*** Opening of Records to process ***

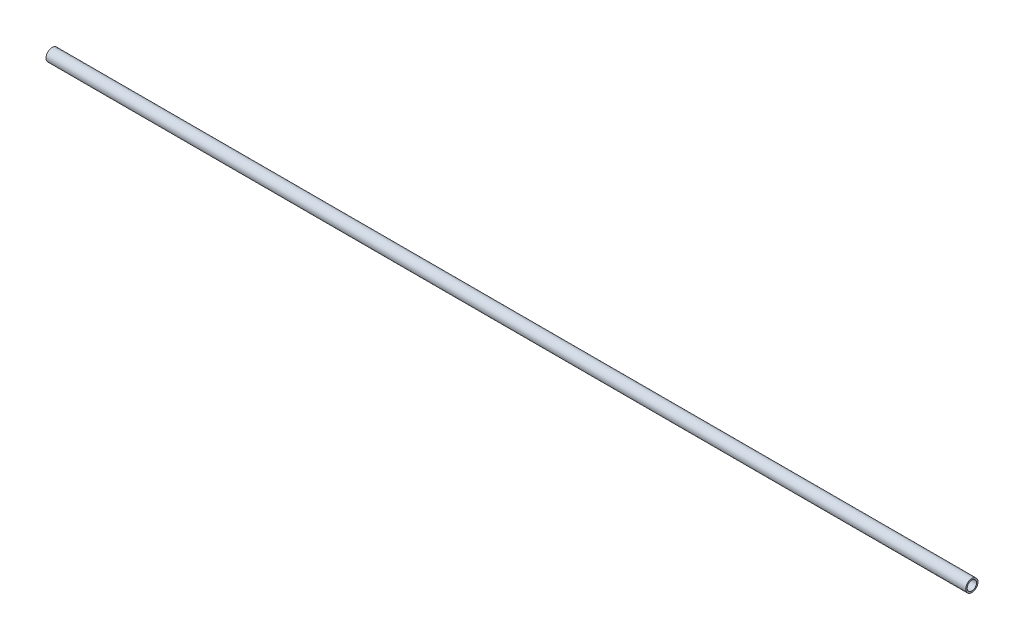
ISO-10303-21;
HEADER;
FILE_DESCRIPTION(('STEP AP214'),'2;1');
FILE_NAME('part.step','',(''),(''),'','','');
FILE_SCHEMA(('AUTOMOTIVE_DESIGN { 1 0 10303 214 1 1 1 1 }'));
ENDSEC;
DATA;
#1=APPLICATION_CONTEXT('core data for automotive mechanical design processes');
#2=APPLICATION_PROTOCOL_DEFINITION('international standard','automotive_design',2000,#1);
#3=PRODUCT_CONTEXT('',#1,'mechanical');
#4=PRODUCT('Part','Part','',(#3));
#5=PRODUCT_RELATED_PRODUCT_CATEGORY('part','',(#4));
#6=PRODUCT_DEFINITION_FORMATION('','',#4);
#7=PRODUCT_DEFINITION_CONTEXT('part definition',#1,'design');
#8=PRODUCT_DEFINITION('design','',#6,#7);
#9=PRODUCT_DEFINITION_SHAPE('','',#8);
#10=(LENGTH_UNIT() NAMED_UNIT(*) SI_UNIT(.MILLI.,.METRE.));
#11=(NAMED_UNIT(*) PLANE_ANGLE_UNIT() SI_UNIT($,.RADIAN.));
#12=(NAMED_UNIT(*) SI_UNIT($,.STERADIAN.) SOLID_ANGLE_UNIT());
#13=UNCERTAINTY_MEASURE_WITH_UNIT(LENGTH_MEASURE(1.E-05),#10,'distance_accuracy_value','');
#14=(GEOMETRIC_REPRESENTATION_CONTEXT(3) GLOBAL_UNCERTAINTY_ASSIGNED_CONTEXT((#13)) GLOBAL_UNIT_ASSIGNED_CONTEXT((#10,
#11,#12)) REPRESENTATION_CONTEXT('',''));
#15=CARTESIAN_POINT('',(0.,0.,0.));
#16=DIRECTION('',(0.,0.,1.));
#17=DIRECTION('',(1.,0.,0.));
#18=AXIS2_PLACEMENT_3D('',#15,#16,#17);
#19=CARTESIAN_POINT('',(1905.,0.,0.));
#20=DIRECTION('',(1.,0.,0.));
#21=DIRECTION('',(0.,0.,-1.));
#22=AXIS2_PLACEMENT_3D('',#19,#20,#21);
#23=PLANE('',#22);
#24=CARTESIAN_POINT('',(1905.,0.,0.));
#25=DIRECTION('',(1.,0.,0.));
#26=DIRECTION('',(0.,0.,-1.));
#27=AXIS2_PLACEMENT_3D('',#24,#25,#26);
#28=CIRCLE('',#27,12.7);
#29=CARTESIAN_POINT('',(1905.,0.,-12.7));
#30=VERTEX_POINT('',#29);
#31=EDGE_CURVE('E10',#30,#30,#28,.T.);
#32=ORIENTED_EDGE('',*,*,#31,.T.);
#33=EDGE_LOOP('',(#32));
#34=FACE_BOUND('',#33,.T.);
#35=CARTESIAN_POINT('',(1905.,0.,0.));
#36=DIRECTION('',(1.,0.,0.));
#37=DIRECTION('',(0.,0.,-1.));
#38=AXIS2_PLACEMENT_3D('',#35,#36,#37);
#39=CIRCLE('',#38,9.652);
#40=CARTESIAN_POINT('',(1905.,0.,-9.652));
#41=VERTEX_POINT('',#40);
#42=EDGE_CURVE('E44',#41,#41,#39,.T.);
#43=ORIENTED_EDGE('',*,*,#42,.F.);
#44=EDGE_LOOP('',(#43));
#45=FACE_BOUND('',#44,.T.);
#46=ADVANCED_FACE('F33',(#34,#45),#23,.T.);
#47=CARTESIAN_POINT('',(0.,0.,0.));
#48=DIRECTION('',(1.,0.,0.));
#49=DIRECTION('',(0.,0.,-1.));
#50=AXIS2_PLACEMENT_3D('',#47,#48,#49);
#51=PLANE('',#50);
#52=CARTESIAN_POINT('',(0.,0.,0.));
#53=DIRECTION('',(1.,0.,0.));
#54=DIRECTION('',(0.,0.,-1.));
#55=AXIS2_PLACEMENT_3D('',#52,#53,#54);
#56=CIRCLE('',#55,12.7);
#57=CARTESIAN_POINT('',(0.,0.,-12.7));
#58=VERTEX_POINT('',#57);
#59=EDGE_CURVE('E37',#58,#58,#56,.T.);
#60=ORIENTED_EDGE('',*,*,#59,.F.);
#61=EDGE_LOOP('',(#60));
#62=FACE_BOUND('',#61,.T.);
#63=CARTESIAN_POINT('',(0.,0.,0.));
#64=DIRECTION('',(1.,0.,0.));
#65=DIRECTION('',(0.,0.,-1.));
#66=AXIS2_PLACEMENT_3D('',#63,#64,#65);
#67=CIRCLE('',#66,9.652);
#68=CARTESIAN_POINT('',(0.,0.,-9.652));
#69=VERTEX_POINT('',#68);
#70=EDGE_CURVE('E46',#69,#69,#67,.T.);
#71=ORIENTED_EDGE('',*,*,#70,.T.);
#72=EDGE_LOOP('',(#71));
#73=FACE_BOUND('',#72,.T.);
#74=ADVANCED_FACE('F56',(#62,#73),#51,.F.);
#75=CARTESIAN_POINT('',(1905.,0.,0.));
#76=DIRECTION('',(-1.,0.,0.));
#77=DIRECTION('',(0.,0.,1.));
#78=AXIS2_PLACEMENT_3D('',#75,#76,#77);
#79=CYLINDRICAL_SURFACE('',#78,12.7);
#80=ORIENTED_EDGE('',*,*,#31,.F.);
#81=EDGE_LOOP('',(#80));
#82=FACE_BOUND('',#81,.T.);
#83=ORIENTED_EDGE('',*,*,#59,.T.);
#84=EDGE_LOOP('',(#83));
#85=FACE_BOUND('',#84,.T.);
#86=ADVANCED_FACE('F35',(#82,#85),#79,.T.);
#87=CARTESIAN_POINT('',(1905.,0.,0.));
#88=DIRECTION('',(-1.,0.,0.));
#89=DIRECTION('',(0.,0.,1.));
#90=AXIS2_PLACEMENT_3D('',#87,#88,#89);
#91=CYLINDRICAL_SURFACE('',#90,9.652);
#92=ORIENTED_EDGE('',*,*,#42,.T.);
#93=EDGE_LOOP('',(#92));
#94=FACE_BOUND('',#93,.T.);
#95=ORIENTED_EDGE('',*,*,#70,.F.);
#96=EDGE_LOOP('',(#95));
#97=FACE_BOUND('',#96,.T.);
#98=ADVANCED_FACE('F52',(#94,#97),#91,.F.);
#99=CLOSED_SHELL('',(#46,#74,#86,#98));
#100=MANIFOLD_SOLID_BREP('B2',#99);
#101=ADVANCED_BREP_SHAPE_REPRESENTATION('',(#18,#100),#14);
#102=SHAPE_DEFINITION_REPRESENTATION(#9,#101);
ENDSEC;
END-ISO-10303-21;

*** Close of Records to process ***

→ **Problem to work on**: All of the data above should be transcribed verbatim, with pictures omitted.

→ **Output for this task**:
ISO-10303-21;
HEADER;
FILE_DESCRIPTION(('STEP AP214'),'2;1');
FILE_NAME('part.step','',(''),(''),'','','');
FILE_SCHEMA(('AUTOMOTIVE_DESIGN { 1 0 10303 214 1 1 1 1 }'));
ENDSEC;
DATA;
#1=APPLICATION_CONTEXT('core data for automotive mechanical design processes');
#2=APPLICATION_PROTOCOL_DEFINITION('international standard','automotive_design',2000,#1);
#3=PRODUCT_CONTEXT('',#1,'mechanical');
#4=PRODUCT('Part','Part','',(#3));
#5=PRODUCT_RELATED_PRODUCT_CATEGORY('part','',(#4));
#6=PRODUCT_DEFINITION_FORMATION('','',#4);
#7=PRODUCT_DEFINITION_CONTEXT('part definition',#1,'design');
#8=PRODUCT_DEFINITION('design','',#6,#7);
#9=PRODUCT_DEFINITION_SHAPE('','',#8);
#10=(LENGTH_UNIT() NAMED_UNIT(*) SI_UNIT(.MILLI.,.METRE.));
#11=(NAMED_UNIT(*) PLANE_ANGLE_UNIT() SI_UNIT($,.RADIAN.));
#12=(NAMED_UNIT(*) SI_UNIT($,.STERADIAN.) SOLID_ANGLE_UNIT());
#13=UNCERTAINTY_MEASURE_WITH_UNIT(LENGTH_MEASURE(1.E-05),#10,'distance_accuracy_value','');
#14=(GEOMETRIC_REPRESENTATION_CONTEXT(3) GLOBAL_UNCERTAINTY_ASSIGNED_CONTEXT((#13)) GLOBAL_UNIT_ASSIGNED_CONTEXT((#10,
#11,#12)) REPRESENTATION_CONTEXT('',''));
#15=CARTESIAN_POINT('',(0.,0.,0.));
#16=DIRECTION('',(0.,0.,1.));
#17=DIRECTION('',(1.,0.,0.));
#18=AXIS2_PLACEMENT_3D('',#15,#16,#17);
#19=CARTESIAN_POINT('',(1905.,0.,0.));
#20=DIRECTION('',(1.,0.,0.));
#21=DIRECTION('',(0.,0.,-1.));
#22=AXIS2_PLACEMENT_3D('',#19,#20,#21);
#23=PLANE('',#22);
#24=CARTESIAN_POINT('',(1905.,0.,0.));
#25=DIRECTION('',(1.,0.,0.));
#26=DIRECTION('',(0.,0.,-1.));
#27=AXIS2_PLACEMENT_3D('',#24,#25,#26);
#28=CIRCLE('',#27,12.7);
#29=CARTESIAN_POINT('',(1905.,0.,-12.7));
#30=VERTEX_POINT('',#29);
#31=EDGE_CURVE('E10',#30,#30,#28,.T.);
#32=ORIENTED_EDGE('',*,*,#31,.T.);
#33=EDGE_LOOP('',(#32));
#34=FACE_BOUND('',#33,.T.);
#35=CARTESIAN_POINT('',(1905.,0.,0.));
#36=DIRECTION('',(1.,0.,0.));
#37=DIRECTION('',(0.,0.,-1.));
#38=AXIS2_PLACEMENT_3D('',#35,#36,#37);
#39=CIRCLE('',#38,9.652);
#40=CARTESIAN_POINT('',(1905.,0.,-9.652));
#41=VERTEX_POINT('',#40);
#42=EDGE_CURVE('E44',#41,#41,#39,.T.);
#43=ORIENTED_EDGE('',*,*,#42,.F.);
#44=EDGE_LOOP('',(#43));
#45=FACE_BOUND('',#44,.T.);
#46=ADVANCED_FACE('F33',(#34,#45),#23,.T.);
#47=CARTESIAN_POINT('',(0.,0.,0.));
#48=DIRECTION('',(1.,0.,0.));
#49=DIRECTION('',(0.,0.,-1.));
#50=AXIS2_PLACEMENT_3D('',#47,#48,#49);
#51=PLANE('',#50);
#52=CARTESIAN_POINT('',(0.,0.,0.));
#53=DIRECTION('',(1.,0.,0.));
#54=DIRECTION('',(0.,0.,-1.));
#55=AXIS2_PLACEMENT_3D('',#52,#53,#54);
#56=CIRCLE('',#55,12.7);
#57=CARTESIAN_POINT('',(0.,0.,-12.7));
#58=VERTEX_POINT('',#57);
#59=EDGE_CURVE('E37',#58,#58,#56,.T.);
#60=ORIENTED_EDGE('',*,*,#59,.F.);
#61=EDGE_LOOP('',(#60));
#62=FACE_BOUND('',#61,.T.);
#63=CARTESIAN_POINT('',(0.,0.,0.));
#64=DIRECTION('',(1.,0.,0.));
#65=DIRECTION('',(0.,0.,-1.));
#66=AXIS2_PLACEMENT_3D('',#63,#64,#65);
#67=CIRCLE('',#66,9.652);
#68=CARTESIAN_POINT('',(0.,0.,-9.652));
#69=VERTEX_POINT('',#68);
#70=EDGE_CURVE('E46',#69,#69,#67,.T.);
#71=ORIENTED_EDGE('',*,*,#70,.T.);
#72=EDGE_LOOP('',(#71));
#73=FACE_BOUND('',#72,.T.);
#74=ADVANCED_FACE('F56',(#62,#73),#51,.F.);
#75=CARTESIAN_POINT('',(1905.,0.,0.));
#76=DIRECTION('',(-1.,0.,0.));
#77=DIRECTION('',(0.,0.,1.));
#78=AXIS2_PLACEMENT_3D('',#75,#76,#77);
#79=CYLINDRICAL_SURFACE('',#78,12.7);
#80=ORIENTED_EDGE('',*,*,#31,.F.);
#81=EDGE_LOOP('',(#80));
#82=FACE_BOUND('',#81,.T.);
#83=ORIENTED_EDGE('',*,*,#59,.T.);
#84=EDGE_LOOP('',(#83));
#85=FACE_BOUND('',#84,.T.);
#86=ADVANCED_FACE('F35',(#82,#85),#79,.T.);
#87=CARTESIAN_POINT('',(1905.,0.,0.));
#88=DIRECTION('',(-1.,0.,0.));
#89=DIRECTION('',(0.,0.,1.));
#90=AXIS2_PLACEMENT_3D('',#87,#88,#89);
#91=CYLINDRICAL_SURFACE('',#90,9.652);
#92=ORIENTED_EDGE('',*,*,#42,.T.);
#93=EDGE_LOOP('',(#92));
#94=FACE_BOUND('',#93,.T.);
#95=ORIENTED_EDGE('',*,*,#70,.F.);
#96=EDGE_LOOP('',(#95));
#97=FACE_BOUND('',#96,.T.);
#98=ADVANCED_FACE('F52',(#94,#97),#91,.F.);
#99=CLOSED_SHELL('',(#46,#74,#86,#98));
#100=MANIFOLD_SOLID_BREP('B2',#99);
#101=ADVANCED_BREP_SHAPE_REPRESENTATION('',(#18,#100),#14);
#102=SHAPE_DEFINITION_REPRESENTATION(#9,#101);
ENDSEC;
END-ISO-10303-21;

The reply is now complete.